A: According to wikipedia, the measure of the angle is given by the ratio between the length of the arc on a circle and the radius, such that the vertex of the angle is at the origin, and the intersection of the lines forming the angle with the circle are the end points of the arc. Once you have this definition, you can then define the sine and cosine functions in purely geometrical terms (lengths of projections onto axes). In the analytical geometry approach you then define the vector product, and show that is indeed related to the cosine function. That means that, at least historically, the geometrical definition (as the length of the arc) is the one that you should use. 
BUT ... As always, there are caveats. I was looking earlier this month at the definition of $\pi$, which historically is the ratio between circumference of  the circle and diameter. To calculate the circumference the circle analytically you need to do an integral. So $\pi$ depends on knowing integrals. Since most people learn derivatives before integrals, $\pi$ is now defined in terms of cosine, which is defined as a series. 
A: Rather than angles, you can define the curvilinear abscissa along a circle. This is obtained by integration of the element of arc $ds$ itself obtained from Pythagoras' $\sqrt{dx^2+dy^2}$.
This approach requires to bridge geometry and calculus.

You can also define the fractions of a turn from regular polygons. These are rational angles. Generalizing to real angles doesn't seem straight forward.
A: Whenever you have the "right kind" of plane, you have the AA similarity theorem. So any two right triangles which have an angle of $\theta$ are similar. From there you can define $\sin\theta$ and $\cos\theta$ as the familiar ratios. After this you can prove the law of cosines.
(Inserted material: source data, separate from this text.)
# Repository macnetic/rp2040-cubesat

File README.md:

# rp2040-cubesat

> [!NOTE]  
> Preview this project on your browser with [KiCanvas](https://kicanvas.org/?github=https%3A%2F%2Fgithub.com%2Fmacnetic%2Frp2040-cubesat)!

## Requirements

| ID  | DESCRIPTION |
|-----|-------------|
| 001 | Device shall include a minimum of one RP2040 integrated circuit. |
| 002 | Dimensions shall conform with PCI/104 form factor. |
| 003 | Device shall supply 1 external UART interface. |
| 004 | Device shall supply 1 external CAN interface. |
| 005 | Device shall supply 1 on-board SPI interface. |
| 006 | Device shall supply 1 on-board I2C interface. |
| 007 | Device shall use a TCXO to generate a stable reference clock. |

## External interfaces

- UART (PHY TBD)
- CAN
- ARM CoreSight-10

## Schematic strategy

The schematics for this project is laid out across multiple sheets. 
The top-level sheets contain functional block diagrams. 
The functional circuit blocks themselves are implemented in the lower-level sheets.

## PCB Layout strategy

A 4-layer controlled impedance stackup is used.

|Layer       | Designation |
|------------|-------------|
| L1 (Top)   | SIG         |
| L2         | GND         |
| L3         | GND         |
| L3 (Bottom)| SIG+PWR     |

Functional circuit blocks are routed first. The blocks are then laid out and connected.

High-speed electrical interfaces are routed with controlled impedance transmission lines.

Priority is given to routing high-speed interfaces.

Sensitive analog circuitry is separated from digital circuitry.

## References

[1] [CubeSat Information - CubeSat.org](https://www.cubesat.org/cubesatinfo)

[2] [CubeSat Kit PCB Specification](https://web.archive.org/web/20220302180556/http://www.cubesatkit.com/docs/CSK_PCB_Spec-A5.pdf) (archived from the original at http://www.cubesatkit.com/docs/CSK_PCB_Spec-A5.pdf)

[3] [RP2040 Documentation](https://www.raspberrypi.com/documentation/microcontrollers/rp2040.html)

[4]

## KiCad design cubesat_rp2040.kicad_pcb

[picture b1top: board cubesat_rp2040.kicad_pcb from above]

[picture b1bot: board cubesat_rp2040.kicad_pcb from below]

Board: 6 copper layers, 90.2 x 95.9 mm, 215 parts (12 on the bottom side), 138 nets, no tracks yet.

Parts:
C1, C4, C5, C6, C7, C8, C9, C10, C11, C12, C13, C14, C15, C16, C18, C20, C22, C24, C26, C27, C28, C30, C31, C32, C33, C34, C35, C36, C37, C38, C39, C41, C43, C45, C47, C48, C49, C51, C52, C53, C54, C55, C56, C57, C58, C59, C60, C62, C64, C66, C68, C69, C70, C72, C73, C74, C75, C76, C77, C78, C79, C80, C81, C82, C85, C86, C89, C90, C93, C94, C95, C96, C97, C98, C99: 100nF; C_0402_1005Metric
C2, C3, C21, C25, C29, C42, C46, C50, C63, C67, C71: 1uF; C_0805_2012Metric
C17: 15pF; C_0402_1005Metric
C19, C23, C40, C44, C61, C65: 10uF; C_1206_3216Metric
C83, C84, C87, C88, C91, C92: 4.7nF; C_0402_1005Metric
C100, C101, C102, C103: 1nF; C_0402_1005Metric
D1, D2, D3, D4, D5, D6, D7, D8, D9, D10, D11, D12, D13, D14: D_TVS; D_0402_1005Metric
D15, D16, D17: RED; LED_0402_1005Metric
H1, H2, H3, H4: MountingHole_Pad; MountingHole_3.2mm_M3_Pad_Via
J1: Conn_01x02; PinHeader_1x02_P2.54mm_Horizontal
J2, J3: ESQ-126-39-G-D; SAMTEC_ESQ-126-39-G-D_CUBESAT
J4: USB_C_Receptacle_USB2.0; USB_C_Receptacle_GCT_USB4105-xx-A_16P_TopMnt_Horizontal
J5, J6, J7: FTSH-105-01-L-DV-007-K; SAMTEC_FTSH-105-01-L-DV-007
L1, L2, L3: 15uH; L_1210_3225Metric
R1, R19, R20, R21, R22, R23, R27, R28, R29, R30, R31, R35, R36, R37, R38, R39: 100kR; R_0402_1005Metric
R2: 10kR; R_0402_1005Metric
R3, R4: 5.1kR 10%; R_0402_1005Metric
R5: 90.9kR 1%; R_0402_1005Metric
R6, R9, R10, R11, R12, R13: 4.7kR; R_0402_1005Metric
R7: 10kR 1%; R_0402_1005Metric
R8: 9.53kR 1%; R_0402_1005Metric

I don't think this depends on the unit circle or on any facts from analysis beyond knowing what $\mathbb{R}$ is.
In linear algebra, people define a plane to be a coset of a subspace having dimension 2. Now you can apply the things that you know about plane geometry within this subspace: given two nonzero vectors, you interpret them as arrows emanating from a common point and apply the law of cosines. Or, more correctly, the vectors determine an angle in the usual axiomatic sense.
Maybe you already knew all of this, but the point is: the definition of an angle in analytic geometry is the same as before. So I'm actually confused by this question. Why you can't you interpret a subspace as the familiar Euclidean plane? It's common practice to "redefine" geometrical ideas within $\mathbb{R}^2$ and apply theorems from axiomatic plane geometry. (How many authors do you know actually prove the Pythagorean theorem before using it?)